Le 21/03/2014 20:31, Doug Cutting a écrit :
> On Fri, Mar 21, 2014 at 12:05 PM, Evan Ward <evan.ward@nrl.navy.mil> wrote:
>> Sorry for the slow reply. I've asked our legal department to reconsider
>> the ICLA in light of our discussion here.
> You don't need your employer's permission to sign an ICLA.  The
> agreement is between you as an individual and the ASF.  It outlasts
> and is independent of your employment.
> You need your employer's permission to contribute work they've paid
> for to the ASF.  Whether you've signed an ICLA or not, the permission
> is the same.  Without the ICLA you're submitting under the Apache
> license, which has the same intent as the ICLA.

If I may intervene here, I think Evan is doing is contribution during is
day job, because he needs this stuff at work.

>> Otherwise I'm ready to throw in the towel. I think we all agree that not
>> signing the ICLA does not prevent me from continuing to make public
>> domain contributions.
> We do not all agree on this point.  If you really cannot sign an ICLA
> then you should probably not make contributions either.

You are right, we do not all agree. If we find something that is public
domain anywhere (on the net, or by reading an incunable, or by
deciphering ancient hieroglyph), we are allowed to include them in our
codebase, as per legal FAQ.

So, let's say I found a contribution on the net, in a web page entitled
"Apache JIRA", and knows it is public domain. Then I (and the fact it is
"me" is important) can decide to include it in the Apache Commons codebase.

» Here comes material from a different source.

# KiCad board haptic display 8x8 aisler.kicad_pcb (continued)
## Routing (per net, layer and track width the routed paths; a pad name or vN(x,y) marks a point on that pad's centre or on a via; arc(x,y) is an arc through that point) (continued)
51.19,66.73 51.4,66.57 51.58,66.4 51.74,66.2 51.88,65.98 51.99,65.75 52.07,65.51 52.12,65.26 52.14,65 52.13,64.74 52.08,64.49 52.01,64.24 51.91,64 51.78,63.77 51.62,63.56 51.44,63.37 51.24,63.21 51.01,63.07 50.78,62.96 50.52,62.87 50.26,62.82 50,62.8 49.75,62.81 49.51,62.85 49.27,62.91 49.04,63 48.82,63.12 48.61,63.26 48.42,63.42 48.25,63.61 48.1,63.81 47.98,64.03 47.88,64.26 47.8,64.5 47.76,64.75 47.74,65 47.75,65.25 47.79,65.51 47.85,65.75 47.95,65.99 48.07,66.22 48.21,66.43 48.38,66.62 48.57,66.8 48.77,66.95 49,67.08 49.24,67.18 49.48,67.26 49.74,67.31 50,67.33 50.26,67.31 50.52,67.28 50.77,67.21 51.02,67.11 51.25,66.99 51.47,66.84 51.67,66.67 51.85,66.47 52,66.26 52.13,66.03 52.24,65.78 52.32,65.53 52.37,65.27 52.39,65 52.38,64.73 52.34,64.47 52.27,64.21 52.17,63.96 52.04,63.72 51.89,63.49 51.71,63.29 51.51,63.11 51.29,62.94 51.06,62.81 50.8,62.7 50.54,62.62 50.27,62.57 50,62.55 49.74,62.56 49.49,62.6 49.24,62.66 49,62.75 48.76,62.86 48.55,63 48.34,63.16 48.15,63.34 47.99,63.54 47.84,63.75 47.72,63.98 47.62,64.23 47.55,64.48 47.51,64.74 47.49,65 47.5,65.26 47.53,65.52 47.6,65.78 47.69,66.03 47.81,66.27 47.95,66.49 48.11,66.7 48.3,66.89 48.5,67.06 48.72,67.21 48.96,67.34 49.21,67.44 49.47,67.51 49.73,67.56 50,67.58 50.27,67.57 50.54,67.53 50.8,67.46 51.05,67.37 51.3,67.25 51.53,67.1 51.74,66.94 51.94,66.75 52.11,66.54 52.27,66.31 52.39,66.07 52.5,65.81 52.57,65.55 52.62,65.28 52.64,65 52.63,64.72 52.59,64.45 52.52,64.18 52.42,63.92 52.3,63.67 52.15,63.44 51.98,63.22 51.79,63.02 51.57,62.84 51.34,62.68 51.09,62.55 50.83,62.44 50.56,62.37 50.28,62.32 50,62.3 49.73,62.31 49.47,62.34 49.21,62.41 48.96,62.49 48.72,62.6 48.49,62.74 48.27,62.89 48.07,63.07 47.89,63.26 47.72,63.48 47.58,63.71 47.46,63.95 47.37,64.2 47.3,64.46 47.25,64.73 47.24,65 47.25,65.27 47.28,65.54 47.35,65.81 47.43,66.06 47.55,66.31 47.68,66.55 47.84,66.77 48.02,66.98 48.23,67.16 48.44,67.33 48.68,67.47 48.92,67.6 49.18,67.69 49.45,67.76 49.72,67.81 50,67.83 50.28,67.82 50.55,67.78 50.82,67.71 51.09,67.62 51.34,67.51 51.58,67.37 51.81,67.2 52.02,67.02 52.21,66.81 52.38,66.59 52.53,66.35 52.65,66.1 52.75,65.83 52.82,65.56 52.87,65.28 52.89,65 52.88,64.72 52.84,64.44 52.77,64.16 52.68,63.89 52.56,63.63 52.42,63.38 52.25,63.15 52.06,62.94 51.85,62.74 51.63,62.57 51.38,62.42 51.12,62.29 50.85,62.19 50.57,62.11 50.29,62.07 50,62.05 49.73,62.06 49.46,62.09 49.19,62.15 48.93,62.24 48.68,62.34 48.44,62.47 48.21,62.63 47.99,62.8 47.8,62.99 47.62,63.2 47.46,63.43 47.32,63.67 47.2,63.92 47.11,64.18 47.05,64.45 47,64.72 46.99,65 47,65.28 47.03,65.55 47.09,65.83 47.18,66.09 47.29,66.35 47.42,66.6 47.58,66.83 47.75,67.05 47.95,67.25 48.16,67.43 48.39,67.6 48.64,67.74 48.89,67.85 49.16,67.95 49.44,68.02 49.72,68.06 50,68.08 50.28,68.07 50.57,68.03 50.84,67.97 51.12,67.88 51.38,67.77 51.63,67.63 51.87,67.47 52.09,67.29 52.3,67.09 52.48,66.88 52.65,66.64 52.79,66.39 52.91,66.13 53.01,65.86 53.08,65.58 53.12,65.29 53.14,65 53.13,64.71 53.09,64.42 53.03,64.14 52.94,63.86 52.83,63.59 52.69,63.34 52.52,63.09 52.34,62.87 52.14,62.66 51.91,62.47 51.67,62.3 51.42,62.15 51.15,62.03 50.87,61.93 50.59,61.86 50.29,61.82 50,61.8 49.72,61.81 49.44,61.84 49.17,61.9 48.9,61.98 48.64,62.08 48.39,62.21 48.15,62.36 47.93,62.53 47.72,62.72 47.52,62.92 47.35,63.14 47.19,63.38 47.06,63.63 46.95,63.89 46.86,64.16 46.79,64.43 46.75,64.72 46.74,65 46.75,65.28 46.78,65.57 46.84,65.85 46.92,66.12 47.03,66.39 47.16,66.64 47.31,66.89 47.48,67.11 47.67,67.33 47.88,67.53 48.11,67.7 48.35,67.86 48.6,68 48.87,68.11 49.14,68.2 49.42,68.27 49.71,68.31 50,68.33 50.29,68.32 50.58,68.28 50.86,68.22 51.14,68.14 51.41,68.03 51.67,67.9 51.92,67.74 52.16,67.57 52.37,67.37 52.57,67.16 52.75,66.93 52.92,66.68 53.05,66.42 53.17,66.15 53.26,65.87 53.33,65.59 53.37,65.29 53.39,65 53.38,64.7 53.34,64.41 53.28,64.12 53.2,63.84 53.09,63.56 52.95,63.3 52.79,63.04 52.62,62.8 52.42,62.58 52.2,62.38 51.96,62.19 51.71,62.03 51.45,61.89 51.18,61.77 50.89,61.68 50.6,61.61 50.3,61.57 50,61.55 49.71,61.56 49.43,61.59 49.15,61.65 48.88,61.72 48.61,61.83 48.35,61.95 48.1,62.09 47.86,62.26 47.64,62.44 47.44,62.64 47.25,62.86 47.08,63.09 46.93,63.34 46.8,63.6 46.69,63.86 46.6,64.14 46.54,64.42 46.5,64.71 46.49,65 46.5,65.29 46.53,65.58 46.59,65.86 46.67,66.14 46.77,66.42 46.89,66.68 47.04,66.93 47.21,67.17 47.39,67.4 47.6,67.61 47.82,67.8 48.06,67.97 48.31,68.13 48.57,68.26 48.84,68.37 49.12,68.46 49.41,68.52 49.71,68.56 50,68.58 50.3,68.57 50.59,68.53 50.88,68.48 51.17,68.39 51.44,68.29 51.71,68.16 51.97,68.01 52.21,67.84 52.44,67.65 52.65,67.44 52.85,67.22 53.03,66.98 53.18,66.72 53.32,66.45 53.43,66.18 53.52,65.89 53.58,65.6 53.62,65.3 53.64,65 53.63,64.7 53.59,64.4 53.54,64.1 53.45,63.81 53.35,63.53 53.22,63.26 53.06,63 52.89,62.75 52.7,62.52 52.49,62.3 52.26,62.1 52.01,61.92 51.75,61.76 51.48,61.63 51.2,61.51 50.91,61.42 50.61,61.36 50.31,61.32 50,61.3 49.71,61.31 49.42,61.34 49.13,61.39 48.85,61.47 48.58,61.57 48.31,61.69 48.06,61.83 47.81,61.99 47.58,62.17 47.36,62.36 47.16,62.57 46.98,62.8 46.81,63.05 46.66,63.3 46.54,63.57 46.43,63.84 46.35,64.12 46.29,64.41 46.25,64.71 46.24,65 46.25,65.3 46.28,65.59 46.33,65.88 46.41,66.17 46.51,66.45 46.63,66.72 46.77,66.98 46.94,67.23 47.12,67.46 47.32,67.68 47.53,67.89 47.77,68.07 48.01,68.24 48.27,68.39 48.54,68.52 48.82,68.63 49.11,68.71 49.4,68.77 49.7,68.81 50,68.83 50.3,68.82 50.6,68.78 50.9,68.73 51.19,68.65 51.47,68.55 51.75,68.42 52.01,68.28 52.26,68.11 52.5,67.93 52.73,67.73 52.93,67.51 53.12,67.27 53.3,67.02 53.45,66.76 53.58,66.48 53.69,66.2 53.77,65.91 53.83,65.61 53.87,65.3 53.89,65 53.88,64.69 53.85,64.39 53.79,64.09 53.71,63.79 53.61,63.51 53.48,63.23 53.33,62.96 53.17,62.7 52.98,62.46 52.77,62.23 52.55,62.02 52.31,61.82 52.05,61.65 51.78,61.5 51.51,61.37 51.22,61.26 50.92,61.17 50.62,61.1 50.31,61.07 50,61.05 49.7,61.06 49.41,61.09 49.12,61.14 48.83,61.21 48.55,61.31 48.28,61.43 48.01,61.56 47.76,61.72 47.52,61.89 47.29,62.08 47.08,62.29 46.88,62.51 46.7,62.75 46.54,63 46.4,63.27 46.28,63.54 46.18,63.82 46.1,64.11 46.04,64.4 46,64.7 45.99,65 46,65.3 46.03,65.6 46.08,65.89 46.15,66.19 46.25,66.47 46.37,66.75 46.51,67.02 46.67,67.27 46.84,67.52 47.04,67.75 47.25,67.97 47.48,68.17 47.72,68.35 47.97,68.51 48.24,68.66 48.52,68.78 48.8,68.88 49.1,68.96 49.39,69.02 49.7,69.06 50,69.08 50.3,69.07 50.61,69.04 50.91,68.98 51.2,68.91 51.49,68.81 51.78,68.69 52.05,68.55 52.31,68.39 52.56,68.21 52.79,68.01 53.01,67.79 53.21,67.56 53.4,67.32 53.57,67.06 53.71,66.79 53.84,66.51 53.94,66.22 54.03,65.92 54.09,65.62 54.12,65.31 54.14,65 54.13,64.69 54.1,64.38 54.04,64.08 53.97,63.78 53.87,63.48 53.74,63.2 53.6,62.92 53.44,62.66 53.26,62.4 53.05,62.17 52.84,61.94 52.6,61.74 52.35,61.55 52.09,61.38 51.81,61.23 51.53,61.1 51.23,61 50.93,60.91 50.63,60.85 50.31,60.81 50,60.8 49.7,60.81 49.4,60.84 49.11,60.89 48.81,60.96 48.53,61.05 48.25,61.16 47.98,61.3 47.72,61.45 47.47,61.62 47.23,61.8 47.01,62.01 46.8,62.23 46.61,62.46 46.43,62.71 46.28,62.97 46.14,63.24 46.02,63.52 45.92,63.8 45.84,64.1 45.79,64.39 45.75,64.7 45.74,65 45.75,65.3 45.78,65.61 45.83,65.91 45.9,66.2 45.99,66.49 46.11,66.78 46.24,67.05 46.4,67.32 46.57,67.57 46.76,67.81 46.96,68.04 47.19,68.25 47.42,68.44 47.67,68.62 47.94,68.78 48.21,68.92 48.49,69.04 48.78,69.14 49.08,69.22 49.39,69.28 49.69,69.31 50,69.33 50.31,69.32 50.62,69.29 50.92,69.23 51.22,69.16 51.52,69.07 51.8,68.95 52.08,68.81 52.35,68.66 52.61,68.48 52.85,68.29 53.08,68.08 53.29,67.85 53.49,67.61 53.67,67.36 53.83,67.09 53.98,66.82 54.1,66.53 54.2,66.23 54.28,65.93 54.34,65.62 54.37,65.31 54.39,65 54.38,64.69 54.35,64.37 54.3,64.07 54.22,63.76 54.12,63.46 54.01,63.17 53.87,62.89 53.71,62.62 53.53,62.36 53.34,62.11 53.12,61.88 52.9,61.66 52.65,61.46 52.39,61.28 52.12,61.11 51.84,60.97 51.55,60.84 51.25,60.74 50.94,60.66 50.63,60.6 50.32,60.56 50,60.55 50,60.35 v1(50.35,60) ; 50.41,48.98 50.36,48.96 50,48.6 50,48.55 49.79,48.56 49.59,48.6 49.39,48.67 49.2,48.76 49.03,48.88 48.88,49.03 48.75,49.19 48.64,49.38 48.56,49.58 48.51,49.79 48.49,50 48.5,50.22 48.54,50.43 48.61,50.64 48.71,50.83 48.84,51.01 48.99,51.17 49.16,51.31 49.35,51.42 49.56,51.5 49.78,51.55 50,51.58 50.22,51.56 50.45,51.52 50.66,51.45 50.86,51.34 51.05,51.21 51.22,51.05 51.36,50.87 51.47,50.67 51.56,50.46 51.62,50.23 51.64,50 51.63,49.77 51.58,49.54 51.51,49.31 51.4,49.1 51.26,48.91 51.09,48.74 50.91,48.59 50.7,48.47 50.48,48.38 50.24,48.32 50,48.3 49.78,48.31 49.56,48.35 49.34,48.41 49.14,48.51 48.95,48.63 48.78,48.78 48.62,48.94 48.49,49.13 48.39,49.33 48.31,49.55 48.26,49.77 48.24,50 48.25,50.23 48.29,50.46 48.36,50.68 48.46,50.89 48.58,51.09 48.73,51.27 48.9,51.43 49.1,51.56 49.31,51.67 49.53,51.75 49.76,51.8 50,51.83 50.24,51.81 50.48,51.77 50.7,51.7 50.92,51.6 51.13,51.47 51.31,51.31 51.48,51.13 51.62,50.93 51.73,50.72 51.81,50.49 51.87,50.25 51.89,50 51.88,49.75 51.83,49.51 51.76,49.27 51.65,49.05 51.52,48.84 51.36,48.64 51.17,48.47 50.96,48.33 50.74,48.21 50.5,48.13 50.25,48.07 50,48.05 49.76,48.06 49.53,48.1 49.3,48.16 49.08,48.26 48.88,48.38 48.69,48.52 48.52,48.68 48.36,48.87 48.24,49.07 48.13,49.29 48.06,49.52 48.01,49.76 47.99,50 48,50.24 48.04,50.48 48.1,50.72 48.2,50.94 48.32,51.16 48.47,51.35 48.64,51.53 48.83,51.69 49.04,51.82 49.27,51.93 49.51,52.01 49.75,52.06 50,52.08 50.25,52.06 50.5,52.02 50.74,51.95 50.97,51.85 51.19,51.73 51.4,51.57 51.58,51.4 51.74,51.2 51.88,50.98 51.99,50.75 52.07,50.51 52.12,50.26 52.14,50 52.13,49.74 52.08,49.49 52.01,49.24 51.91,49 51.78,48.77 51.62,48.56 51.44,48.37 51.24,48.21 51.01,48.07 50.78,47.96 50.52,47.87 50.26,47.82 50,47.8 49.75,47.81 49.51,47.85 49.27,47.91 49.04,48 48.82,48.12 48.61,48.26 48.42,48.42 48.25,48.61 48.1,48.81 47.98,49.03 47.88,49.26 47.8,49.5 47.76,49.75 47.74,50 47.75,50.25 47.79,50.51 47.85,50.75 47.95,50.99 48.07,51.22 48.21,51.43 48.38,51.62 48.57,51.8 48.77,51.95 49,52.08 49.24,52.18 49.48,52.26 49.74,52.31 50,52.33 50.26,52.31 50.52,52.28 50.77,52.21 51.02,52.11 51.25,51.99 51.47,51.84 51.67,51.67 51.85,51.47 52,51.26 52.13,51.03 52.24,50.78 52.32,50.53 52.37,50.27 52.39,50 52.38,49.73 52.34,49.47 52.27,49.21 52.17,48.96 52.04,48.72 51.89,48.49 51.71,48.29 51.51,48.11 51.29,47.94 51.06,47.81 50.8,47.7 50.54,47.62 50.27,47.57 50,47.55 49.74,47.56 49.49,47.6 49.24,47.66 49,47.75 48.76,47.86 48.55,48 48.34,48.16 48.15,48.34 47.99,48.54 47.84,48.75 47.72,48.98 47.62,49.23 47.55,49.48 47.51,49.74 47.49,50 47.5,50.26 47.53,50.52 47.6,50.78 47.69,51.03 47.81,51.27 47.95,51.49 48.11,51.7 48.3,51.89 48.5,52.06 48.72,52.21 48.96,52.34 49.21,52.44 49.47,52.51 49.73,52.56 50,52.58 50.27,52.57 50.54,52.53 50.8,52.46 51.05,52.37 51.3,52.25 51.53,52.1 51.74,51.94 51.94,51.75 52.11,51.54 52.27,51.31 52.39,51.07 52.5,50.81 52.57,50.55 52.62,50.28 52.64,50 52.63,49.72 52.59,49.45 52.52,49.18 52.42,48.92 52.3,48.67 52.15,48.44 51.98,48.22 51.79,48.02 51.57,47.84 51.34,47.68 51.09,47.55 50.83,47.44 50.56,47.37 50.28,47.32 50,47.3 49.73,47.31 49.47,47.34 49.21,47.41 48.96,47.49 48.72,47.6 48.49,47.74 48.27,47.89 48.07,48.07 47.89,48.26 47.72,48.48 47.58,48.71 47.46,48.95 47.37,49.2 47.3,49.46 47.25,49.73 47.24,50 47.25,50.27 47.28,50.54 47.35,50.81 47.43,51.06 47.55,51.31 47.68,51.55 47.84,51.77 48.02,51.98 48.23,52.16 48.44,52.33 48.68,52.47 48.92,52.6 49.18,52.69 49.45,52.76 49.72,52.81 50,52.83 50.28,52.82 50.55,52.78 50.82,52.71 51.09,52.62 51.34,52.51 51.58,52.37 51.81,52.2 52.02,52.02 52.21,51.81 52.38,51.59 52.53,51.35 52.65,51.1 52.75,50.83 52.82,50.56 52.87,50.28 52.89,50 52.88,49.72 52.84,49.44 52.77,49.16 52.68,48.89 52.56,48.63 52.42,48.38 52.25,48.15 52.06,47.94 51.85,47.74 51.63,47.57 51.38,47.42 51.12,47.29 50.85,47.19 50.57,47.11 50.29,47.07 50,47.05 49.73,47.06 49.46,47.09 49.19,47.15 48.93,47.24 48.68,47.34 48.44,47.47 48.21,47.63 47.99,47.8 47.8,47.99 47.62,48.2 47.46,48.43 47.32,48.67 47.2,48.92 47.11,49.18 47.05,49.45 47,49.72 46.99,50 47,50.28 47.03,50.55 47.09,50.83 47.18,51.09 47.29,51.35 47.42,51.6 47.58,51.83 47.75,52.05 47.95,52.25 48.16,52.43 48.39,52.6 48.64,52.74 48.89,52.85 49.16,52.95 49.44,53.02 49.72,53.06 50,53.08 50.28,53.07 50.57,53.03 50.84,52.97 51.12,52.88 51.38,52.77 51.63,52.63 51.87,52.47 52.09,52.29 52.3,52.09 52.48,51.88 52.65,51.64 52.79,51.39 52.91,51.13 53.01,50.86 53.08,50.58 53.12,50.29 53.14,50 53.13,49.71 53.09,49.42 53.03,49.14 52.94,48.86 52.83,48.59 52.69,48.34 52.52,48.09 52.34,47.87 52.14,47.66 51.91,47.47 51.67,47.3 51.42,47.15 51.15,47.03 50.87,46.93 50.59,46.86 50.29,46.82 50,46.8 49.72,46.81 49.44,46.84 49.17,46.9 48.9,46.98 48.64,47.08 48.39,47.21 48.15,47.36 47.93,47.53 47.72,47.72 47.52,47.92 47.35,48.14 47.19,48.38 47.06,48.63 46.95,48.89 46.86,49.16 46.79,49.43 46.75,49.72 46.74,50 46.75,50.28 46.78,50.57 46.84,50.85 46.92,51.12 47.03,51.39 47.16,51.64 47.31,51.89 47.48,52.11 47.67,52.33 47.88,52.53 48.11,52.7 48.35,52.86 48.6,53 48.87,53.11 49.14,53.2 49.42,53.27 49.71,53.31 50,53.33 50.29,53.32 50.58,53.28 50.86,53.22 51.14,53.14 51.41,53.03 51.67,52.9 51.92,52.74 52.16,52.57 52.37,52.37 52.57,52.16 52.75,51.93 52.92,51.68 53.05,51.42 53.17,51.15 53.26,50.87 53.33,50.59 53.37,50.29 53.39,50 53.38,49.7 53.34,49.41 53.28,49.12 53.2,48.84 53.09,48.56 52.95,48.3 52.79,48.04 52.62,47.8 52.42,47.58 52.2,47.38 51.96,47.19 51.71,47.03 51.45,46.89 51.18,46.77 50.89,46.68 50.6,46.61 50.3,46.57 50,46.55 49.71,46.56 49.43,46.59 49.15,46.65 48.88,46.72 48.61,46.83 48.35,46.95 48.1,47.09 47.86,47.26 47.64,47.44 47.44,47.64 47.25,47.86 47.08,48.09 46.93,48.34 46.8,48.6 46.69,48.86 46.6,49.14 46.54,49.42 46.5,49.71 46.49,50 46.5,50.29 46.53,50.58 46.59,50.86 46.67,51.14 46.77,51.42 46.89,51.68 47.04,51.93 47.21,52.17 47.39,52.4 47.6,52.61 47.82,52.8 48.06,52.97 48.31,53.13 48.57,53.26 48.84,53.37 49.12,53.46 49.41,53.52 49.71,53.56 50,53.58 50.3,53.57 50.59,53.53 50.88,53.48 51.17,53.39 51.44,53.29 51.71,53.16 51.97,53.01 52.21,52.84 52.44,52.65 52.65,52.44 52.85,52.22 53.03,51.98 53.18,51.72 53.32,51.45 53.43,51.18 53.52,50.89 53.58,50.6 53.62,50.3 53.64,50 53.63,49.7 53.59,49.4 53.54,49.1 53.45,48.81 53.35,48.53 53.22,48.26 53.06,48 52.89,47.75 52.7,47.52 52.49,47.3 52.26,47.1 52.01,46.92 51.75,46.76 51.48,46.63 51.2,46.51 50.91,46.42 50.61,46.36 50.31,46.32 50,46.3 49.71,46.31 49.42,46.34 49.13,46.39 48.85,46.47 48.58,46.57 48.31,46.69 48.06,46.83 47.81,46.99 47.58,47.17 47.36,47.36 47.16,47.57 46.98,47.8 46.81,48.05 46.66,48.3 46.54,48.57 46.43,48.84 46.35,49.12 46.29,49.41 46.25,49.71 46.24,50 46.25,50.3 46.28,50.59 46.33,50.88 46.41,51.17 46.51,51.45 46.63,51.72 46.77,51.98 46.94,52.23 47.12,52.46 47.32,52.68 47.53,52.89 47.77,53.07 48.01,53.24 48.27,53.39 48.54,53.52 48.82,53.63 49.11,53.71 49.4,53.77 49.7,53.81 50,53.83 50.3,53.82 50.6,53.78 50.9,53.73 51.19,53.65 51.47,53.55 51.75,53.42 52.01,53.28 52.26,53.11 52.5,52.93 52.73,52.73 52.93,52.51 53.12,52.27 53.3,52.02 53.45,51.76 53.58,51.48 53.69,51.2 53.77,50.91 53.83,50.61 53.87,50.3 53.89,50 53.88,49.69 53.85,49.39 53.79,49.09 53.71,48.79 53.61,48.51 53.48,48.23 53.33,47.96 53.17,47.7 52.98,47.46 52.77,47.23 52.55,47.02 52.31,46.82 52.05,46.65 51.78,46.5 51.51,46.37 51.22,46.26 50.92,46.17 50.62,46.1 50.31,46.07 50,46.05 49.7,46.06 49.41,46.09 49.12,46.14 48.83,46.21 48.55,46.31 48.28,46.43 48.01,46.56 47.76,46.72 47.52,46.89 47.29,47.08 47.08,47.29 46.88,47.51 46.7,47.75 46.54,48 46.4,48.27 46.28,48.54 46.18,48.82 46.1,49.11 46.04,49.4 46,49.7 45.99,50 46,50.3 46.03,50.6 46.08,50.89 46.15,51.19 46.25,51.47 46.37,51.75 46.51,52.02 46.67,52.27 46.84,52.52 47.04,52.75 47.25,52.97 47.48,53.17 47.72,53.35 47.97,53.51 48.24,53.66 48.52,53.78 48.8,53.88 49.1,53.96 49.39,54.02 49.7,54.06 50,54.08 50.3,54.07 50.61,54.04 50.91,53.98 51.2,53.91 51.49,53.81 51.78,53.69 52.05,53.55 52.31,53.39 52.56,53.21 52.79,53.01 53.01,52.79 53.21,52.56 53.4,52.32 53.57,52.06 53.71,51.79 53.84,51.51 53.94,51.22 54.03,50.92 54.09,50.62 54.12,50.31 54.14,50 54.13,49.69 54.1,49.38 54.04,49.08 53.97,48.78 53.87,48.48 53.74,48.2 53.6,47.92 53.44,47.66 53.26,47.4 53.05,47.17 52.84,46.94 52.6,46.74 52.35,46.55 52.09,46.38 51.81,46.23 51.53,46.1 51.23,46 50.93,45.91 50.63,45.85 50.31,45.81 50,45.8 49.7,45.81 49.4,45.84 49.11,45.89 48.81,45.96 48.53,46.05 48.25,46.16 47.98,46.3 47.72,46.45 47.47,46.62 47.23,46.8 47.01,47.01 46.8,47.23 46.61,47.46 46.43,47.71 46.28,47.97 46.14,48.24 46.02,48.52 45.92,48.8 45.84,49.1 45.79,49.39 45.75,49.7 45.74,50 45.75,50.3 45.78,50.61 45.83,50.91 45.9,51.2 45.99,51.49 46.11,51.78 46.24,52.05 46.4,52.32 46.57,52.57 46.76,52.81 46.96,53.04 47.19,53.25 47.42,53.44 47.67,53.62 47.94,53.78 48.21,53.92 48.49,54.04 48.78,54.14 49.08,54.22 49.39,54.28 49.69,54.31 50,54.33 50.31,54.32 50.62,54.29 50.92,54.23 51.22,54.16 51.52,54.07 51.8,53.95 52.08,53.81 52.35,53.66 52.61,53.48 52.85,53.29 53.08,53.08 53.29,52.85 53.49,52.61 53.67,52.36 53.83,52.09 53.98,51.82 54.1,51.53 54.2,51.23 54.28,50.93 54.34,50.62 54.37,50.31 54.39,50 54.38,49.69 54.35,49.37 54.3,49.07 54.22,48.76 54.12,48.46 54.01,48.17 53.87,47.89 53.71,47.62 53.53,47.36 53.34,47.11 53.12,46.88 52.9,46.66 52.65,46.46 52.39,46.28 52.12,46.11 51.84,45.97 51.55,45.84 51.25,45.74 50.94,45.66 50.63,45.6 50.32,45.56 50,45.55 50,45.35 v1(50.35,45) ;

Of course this example is ridiculous. What I want to demonstrate here is
how ridiculous we are.

Can't we just "reword" (not change the spirit, just change the words)
our ICLA/CCLA to make explicit the fact we do not ask people to own the
work they contribute but simply can contribute. And no, I do not agree
with the fact it is already what is written in the CLA. I agree it is
the spirit of the CLA, but this spirit is worded in such a way some
picky people (like myself, Evan or the lawyers at NRL) find it does not
cover properly the case of public domain.

> However I
> think everyone here but you agrees that you can in fact both sign the
> ICLA and contribute if your employer desires you to contribute your
> work to Apache.

Sorry, I'm on Evan's side here, he is not alone.